Administration: For IV use only. Use strict aseptic technique. Inspect for particulate matter/discoloration. Do not use if emulsion is separated. Can be administered as a slow IV bolus (over 20-30 seconds for induction) or as a controlled continuous infusion using a syringe or volumetric pump. Flush IV line to prevent pain on injection (can be pre-treated with lidocaine). NEVER administer via the same IV line concurrently with blood or plasma.
5. Side Effects
Common side effects may include:
- Pain at injection site (up to 70%)
- Transient apnea (30-60%)
- Hypotension (10-30%)
- Bradycardia (5%)
- Involuntary muscle movements (myoclonus)
6. Drug Interactions
| Drug | Effect | Severity |
|---|---|---|
| Benzodiazepines (Midazolam, Diazepam) | Potentiated sedative, hypnotic, and respiratory depressant effects. Dose reduction required. | Major |
| Opioids (Fentanyl, Morphine) | Synergistic increase in sedation, analgesia, and respiratory depression. Profound hypotension and bradycardia possible. | Major |
| Inhaled Anesthetics (Isoflurane, Sevoflurane) | Additive CNS and cardiovascular depressant effects. | Moderate |
| Clonidine | Enhanced hypotensive and bradycardic effects. | Moderate |
| Theophylline | Antagonizes CNS depressant effects of propofol; may require higher doses. | Moderate |
7. Patient Counselling
- Do inform your doctor about all allergies, especially to eggs, soy, and other drugs.
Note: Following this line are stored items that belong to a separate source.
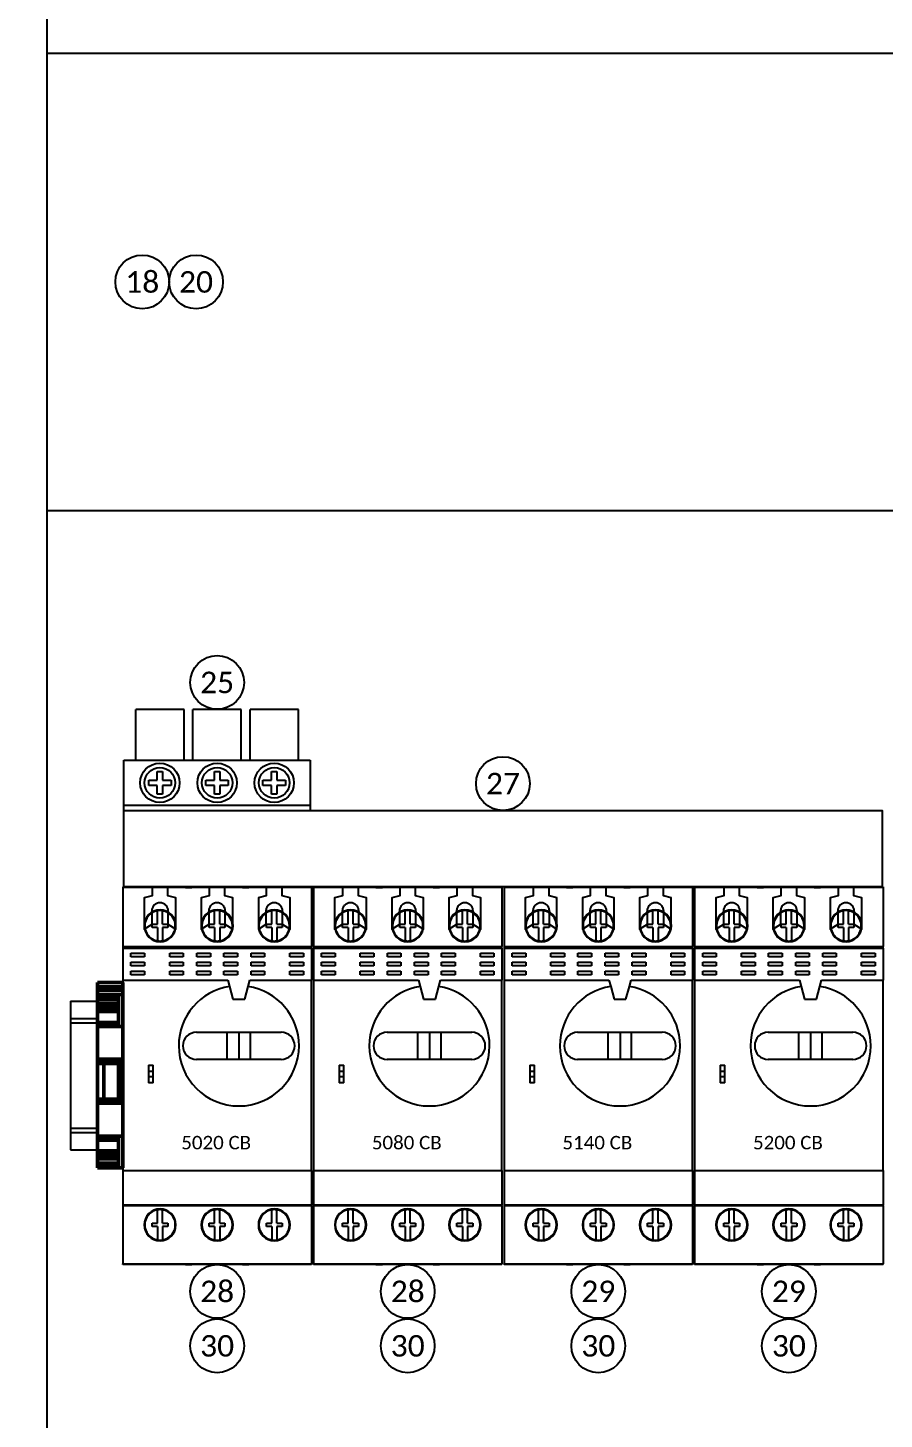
# Model space of a CAD drawing. Header units: inches. Extents: x 0 to 316, y -1 to 150.
# Drawn here: x 218.79 to 226.75, y 93.5 to 106.43 of the extents above; entities that cross this region are included whole.
import ezdxf
from ezdxf.enums import TextEntityAlignment as Align

# ---------------------------------------------------------------- set-up
doc = ezdxf.new("R2010")
doc.units = ezdxf.units.IN
doc.header["$MEASUREMENT"] = 0
doc.linetypes.add('HIDDEN2', pattern=[0.1875, 0.125, -0.0625])
doc.styles.add('Calibri', font='calibri.ttf')

# ---------------------------------------------------------------- blocks, each defined once
blk = doc.blocks.new('GV2L20')
at = {"color": 2}
for p, q in [((-0.876, 3.51), (-0.876, 2.954)), ((-0.876, 3.51), (-0.876, 3.51)), ((-0.876, 3.51), (0.876, 3.51)), ((-0.295, 3.504), (-0.876, 3.504)), ((-0.876, 3.504), (-0.876, 3.504)), ((-0.732, 3.51), (-0.732, 3.51)), ((-0.295, 3.504), (-0.295, 3.504)), ((-0.295, 3.504), (-0.236, 3.504)), ((0.236, 3.504), (-0.236, 3.504)), ((-0.236, 3.504), (-0.236, 3.504)), ((0.077, 3.504), (0.077, 3.504)), ((0.148, 3.504), (0.148, 3.504)), ((0.216, 3.504), (0.216, 3.504)), ((0.236, 3.504), (0.236, 3.504)), ((0.236, 3.504), (0.295, 3.504)), ((0.876, 3.504), (0.295, 3.504)), ((0.295, 3.504), (0.295, 3.504)), ((0.316, 3.504), (0.316, 3.504)), ((0.384, 3.504), (0.384, 3.504)), ((0.455, 3.504), (0.455, 3.504)), ((0.732, 3.51), (0.732, 3.51)), ((0.876, 3.51), (0.876, 3.51)), ((0.876, 3.51), (0.876, 2.954)), ((0.876, 3.504), (0.876, 3.504)), ((-0.876, 3.36), (-0.876, 3.36)), ((-0.555, 3.288), (-0.555, 3.288)), ((-0.555, 3.162), (-0.555, 3.288)), ((-0.508, 3.288), (-0.508, 3.288)), ((-0.508, 3.162), (-0.508, 3.288)), ((-0.024, 3.288), (-0.024, 3.288)), ((-0.024, 3.162), (-0.024, 3.288)), ((0.024, 3.288), (0.024, 3.288)), ((0.024, 3.162), (0.024, 3.288)), ((0.508, 3.288), (0.508, 3.288)), ((0.508, 3.162), (0.508, 3.288)), ((0.555, 3.288), (0.555, 3.288)), ((0.555, 3.162), (0.555, 3.288)), ((0.876, 3.36), (0.876, 3.36)), ((-0.876, 3.23), (-0.876, 3.23)), ((-0.679, 3.148), (-0.679, 3.148)), ((-0.673, 3.148), (-0.673, 3.148)), ((-0.605, 3.133), (-0.605, 3.162)), ((-0.605, 3.162), (-0.555, 3.162)), ((-0.605, 3.162), (-0.605, 3.162)), ((-0.555, 3.133), (-0.605, 3.133)), ((-0.605, 3.133), (-0.605, 3.133)), ((-0.555, 3.162), (-0.555, 3.162)), ((-0.555, 3.133), (-0.555, 3.008)), ((-0.555, 3.133), (-0.555, 3.133)), ((-0.508, 3.162), (-0.508, 3.162)), ((-0.508, 3.162), (-0.458, 3.162)), ((-0.508, 3.133), (-0.508, 3.008)), ((-0.458, 3.133), (-0.508, 3.133)), ((-0.508, 3.133), (-0.508, 3.133)), ((-0.458, 3.162), (-0.458, 3.133)), ((-0.458, 3.162), (-0.458, 3.162)), ((-0.458, 3.133), (-0.458, 3.133)), ((-0.39, 3.148), (-0.39, 3.148)), ((-0.384, 3.148), (-0.384, 3.148)), ((-0.148, 3.148), (-0.148, 3.148)), ((-0.142, 3.148), (-0.142, 3.148)), ((-0.073, 3.133), (-0.073, 3.162)), ((-0.073, 3.162), (-0.024, 3.162)), ((-0.073, 3.162), (-0.073, 3.162)), ((-0.024, 3.133), (-0.073, 3.133)), ((-0.073, 3.133), (-0.073, 3.133)), ((-0.024, 3.162), (-0.024, 3.162)), ((-0.024, 3.133), (-0.024, 3.008)), ((-0.024, 3.133), (-0.024, 3.133)), ((0.024, 3.162), (0.024, 3.162)), ((0.024, 3.162), (0.073, 3.162)), ((0.024, 3.133), (0.024, 3.008)), ((0.073, 3.133), (0.024, 3.133)), ((0.024, 3.133), (0.024, 3.133)), ((0.073, 3.162), (0.073, 3.133)), ((0.073, 3.162), (0.073, 3.162)), ((0.073, 3.133), (0.073, 3.133)), ((0.142, 3.148), (0.142, 3.148)), ((0.148, 3.148), (0.148, 3.148)), ((0.384, 3.148), (0.384, 3.148)), ((0.39, 3.148), (0.39, 3.148)), ((0.458, 3.133), (0.458, 3.162)), ((0.458, 3.162), (0.508, 3.162)), ((0.458, 3.162), (0.458, 3.162)), ((0.508, 3.133), (0.458, 3.133)), ((0.458, 3.133), (0.458, 3.133)), ((0.508, 3.162), (0.508, 3.162)), ((0.508, 3.133), (0.508, 3.008)), ((0.508, 3.133), (0.508, 3.133)), ((0.555, 3.162), (0.555, 3.162)), ((0.555, 3.162), (0.605, 3.162)), ((0.555, 3.133), (0.555, 3.008)), ((0.605, 3.133), (0.555, 3.133)), ((0.555, 3.133), (0.555, 3.133)), ((0.605, 3.162), (0.605, 3.133)), ((0.605, 3.162), (0.605, 3.162)), ((0.605, 3.133), (0.605, 3.133)), ((0.673, 3.148), (0.673, 3.148)), ((0.679, 3.148), (0.679, 3.148)), ((0.876, 3.23), (0.876, 3.23)), ((-0.555, 3.008), (-0.555, 3.008)), ((-0.508, 3.008), (-0.508, 3.008)), ((-0.024, 3.008), (-0.024, 3.008)), ((0.024, 3.008), (0.024, 3.008)), ((0.508, 3.008), (0.508, 3.008)), ((0.555, 3.008), (0.555, 3.008)), ((-0.876, 2.954), (-0.876, 2.94)), ((-0.876, 2.954), (0.876, 2.954)), ((-0.876, 2.94), (-0.876, 2.641)), ((-0.876, 2.94), (0.876, 2.94)), ((-0.801, 2.858), (-0.801, 2.894)), ((-0.801, 2.894), (-0.675, 2.894)), ((-0.675, 2.858), (-0.801, 2.858)), ((-0.801, 2.858), (-0.801, 2.858)), ((-0.675, 2.894), (-0.675, 2.858)), ((-0.675, 2.858), (-0.675, 2.858)), ((-0.441, 2.858), (-0.441, 2.894)), ((-0.441, 2.894), (-0.315, 2.894)), ((-0.315, 2.858), (-0.441, 2.858)), ((-0.441, 2.858), (-0.441, 2.858)), ((-0.315, 2.894), (-0.315, 2.858)), ((-0.315, 2.858), (-0.315, 2.858)), ((-0.189, 2.858), (-0.189, 2.894)), ((-0.189, 2.894), (-0.063, 2.894)), ((-0.063, 2.858), (-0.189, 2.858)), ((-0.189, 2.858), (-0.189, 2.858)), ((-0.063, 2.894), (-0.063, 2.858)), ((-0.063, 2.858), (-0.063, 2.858)), ((0.063, 2.858), (0.063, 2.894)), ((0.063, 2.894), (0.189, 2.894)), ((0.189, 2.858), (0.063, 2.858)), ((0.063, 2.858), (0.063, 2.858)), ((0.189, 2.894), (0.189, 2.858)), ((0.189, 2.858), (0.189, 2.858)), ((0.315, 2.858), (0.315, 2.894)), ((0.315, 2.894), (0.441, 2.894)), ((0.441, 2.858), (0.315, 2.858)), ((0.315, 2.858), (0.315, 2.858)), ((0.441, 2.894), (0.441, 2.858)), ((0.441, 2.858), (0.441, 2.858)), ((0.676, 2.858), (0.676, 2.894)), ((0.676, 2.894), (0.802, 2.894)), ((0.802, 2.858), (0.676, 2.858)), ((0.676, 2.858), (0.676, 2.858)), ((0.802, 2.894), (0.802, 2.858)), ((0.802, 2.858), (0.802, 2.858)), ((0.876, 2.94), (0.876, 2.954)), ((0.876, 2.94), (0.876, 2.641)), ((-0.801, 2.774), (-0.801, 2.81)), ((-0.801, 2.81), (-0.675, 2.81)), ((-0.801, 2.81), (-0.801, 2.81)), ((-0.675, 2.774), (-0.801, 2.774)), ((-0.801, 2.774), (-0.801, 2.774)), ((-0.801, 2.691), (-0.801, 2.727)), ((-0.801, 2.727), (-0.675, 2.727)), ((-0.801, 2.727), (-0.801, 2.727)), ((-0.675, 2.81), (-0.675, 2.774)), ((-0.675, 2.81), (-0.675, 2.81)), ((-0.675, 2.774), (-0.675, 2.774)), ((-0.675, 2.727), (-0.675, 2.691)), ((-0.675, 2.727), (-0.675, 2.727)), ((-0.441, 2.774), (-0.441, 2.81)), ((-0.441, 2.81), (-0.315, 2.81)), ((-0.441, 2.81), (-0.441, 2.81)), ((-0.315, 2.774), (-0.441, 2.774)), ((-0.441, 2.774), (-0.441, 2.774)), ((-0.441, 2.691), (-0.441, 2.727)), ((-0.441, 2.727), (-0.315, 2.727)), ((-0.441, 2.727), (-0.441, 2.727)), ((-0.315, 2.81), (-0.315, 2.774)), ((-0.315, 2.81), (-0.315, 2.81)), ((-0.315, 2.774), (-0.315, 2.774)), ((-0.315, 2.727), (-0.315, 2.691)), ((-0.315, 2.727), (-0.315, 2.727)), ((-0.189, 2.774), (-0.189, 2.81)), ((-0.189, 2.81), (-0.063, 2.81)), ((-0.189, 2.81), (-0.189, 2.81)), ((-0.063, 2.774), (-0.189, 2.774)), ((-0.189, 2.774), (-0.189, 2.774)), ((-0.189, 2.691), (-0.189, 2.727)), ((-0.189, 2.727), (-0.063, 2.727)), ((-0.189, 2.727), (-0.189, 2.727)), ((-0.063, 2.81), (-0.063, 2.774)), ((-0.063, 2.81), (-0.063, 2.81)), ((-0.063, 2.774), (-0.063, 2.774)), ((-0.063, 2.727), (-0.063, 2.691)), ((-0.063, 2.727), (-0.063, 2.727)), ((0.063, 2.774), (0.063, 2.81)), ((0.063, 2.81), (0.189, 2.81)), ((0.063, 2.81), (0.063, 2.81)), ((0.189, 2.774), (0.063, 2.774)), ((0.063, 2.774), (0.063, 2.774)), ((0.063, 2.691), (0.063, 2.727)), ((0.063, 2.727), (0.189, 2.727)), ((0.063, 2.727), (0.063, 2.727)), ((0.189, 2.81), (0.189, 2.774)), ((0.189, 2.81), (0.189, 2.81)), ((0.189, 2.774), (0.189, 2.774)), ((0.189, 2.727), (0.189, 2.691)), ((0.189, 2.727), (0.189, 2.727)), ((0.315, 2.774), (0.315, 2.81)), ((0.315, 2.81), (0.441, 2.81)), ((0.315, 2.81), (0.315, 2.81)), ((0.441, 2.774), (0.315, 2.774)), ((0.315, 2.774), (0.315, 2.774)), ((0.315, 2.691), (0.315, 2.727)), ((0.315, 2.727), (0.441, 2.727)), ((0.315, 2.727), (0.315, 2.727)), ((0.441, 2.81), (0.441, 2.774)), ((0.441, 2.81), (0.441, 2.81)), ((0.441, 2.774), (0.441, 2.774)), ((0.441, 2.727), (0.441, 2.691)), ((0.441, 2.727), (0.441, 2.727)), ((0.676, 2.774), (0.676, 2.81)), ((0.676, 2.81), (0.802, 2.81)), ((0.676, 2.81), (0.676, 2.81)), ((0.802, 2.774), (0.676, 2.774)), ((0.676, 2.774), (0.676, 2.774)), ((0.676, 2.691), (0.676, 2.727)), ((0.676, 2.727), (0.802, 2.727)), ((0.676, 2.727), (0.676, 2.727)), ((0.802, 2.81), (0.802, 2.774)), ((0.802, 2.81), (0.802, 2.81)), ((0.802, 2.774), (0.802, 2.774)), ((0.802, 2.727), (0.802, 2.691)), ((0.802, 2.727), (0.802, 2.727)), ((-0.876, 2.641), (-0.864, 2.641)), ((-0.876, 2.641), (-0.876, 0.872)), ((-0.876, 2.641), (-0.876, 2.641)), ((-0.864, 2.641), (-0.864, 2.641)), ((-0.864, 2.641), (-0.368, 2.641)), ((-0.675, 2.691), (-0.801, 2.691)), ((-0.801, 2.691), (-0.801, 2.691)), ((-0.675, 2.691), (-0.675, 2.691)), ((-0.315, 2.691), (-0.441, 2.691)), ((-0.441, 2.691), (-0.441, 2.691)), ((-0.368, 2.641), (0.099, 2.641)), ((-0.368, 2.641), (-0.368, 2.641)), ((-0.315, 2.691), (-0.315, 2.691)), ((-0.063, 2.691), (-0.189, 2.691)), ((-0.189, 2.691), (-0.189, 2.691)), ((-0.063, 2.691), (-0.063, 2.691)), ((0.189, 2.691), (0.063, 2.691)), ((0.063, 2.691), (0.063, 2.691)), ((0.099, 2.641), (0.115, 2.584)), ((0.099, 2.641), (0.099, 2.641)), ((0.189, 2.691), (0.189, 2.691)), ((0.289, 2.584), (0.304, 2.641)), ((0.304, 2.641), (0.876, 2.641)), ((0.304, 2.641), (0.304, 2.641)), ((0.441, 2.691), (0.315, 2.691)), ((0.315, 2.691), (0.315, 2.691)), ((0.441, 2.691), (0.441, 2.691)), ((0.802, 2.691), (0.676, 2.691)), ((0.676, 2.691), (0.676, 2.691)), ((0.802, 2.691), (0.802, 2.691)), ((0.876, 0.872), (0.876, 2.641)), ((0.876, 2.641), (0.876, 2.641)), ((-0.876, 2.528), (-0.876, 2.528)), ((0.115, 2.584), (0.115, 2.584)), ((0.115, 2.584), (0.146, 2.465)), ((0.146, 2.465), (0.146, 2.465)), ((0.146, 2.465), (0.146, 2.465)), ((0.146, 2.465), (0.257, 2.465)), ((0.257, 2.465), (0.289, 2.584)), ((0.257, 2.465), (0.257, 2.465)), ((0.257, 2.465), (0.257, 2.465)), ((0.289, 2.584), (0.289, 2.584)), ((0.876, 2.528), (0.876, 2.528)), ((-0.876, 2.409), (-0.876, 2.409)), ((-0.876, 2.374), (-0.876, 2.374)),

- Do inform about all medications, including herbs and supplements.
- Do follow pre-operative fasting instructions (NPO).
- Do not drive or operate heavy machinery for at least 24 hours post-procedure.
- Do not consume alcohol for 24 hours.
8. Toxicology & Storage
Overdose: Profound cardiovascular depression (severe hypotension, bradycardia, asystole), respiratory arrest, deep coma, metabolic acidosis.
Storage: Store below 25°C. Do not freeze. Protect from light. Keep in original outer carton. Once the vial/ampoule is opened, use immediately. Discard any unused portion. The emulsion is for single use in one patient only. Do not use if there is evidence of separation of the emulsion.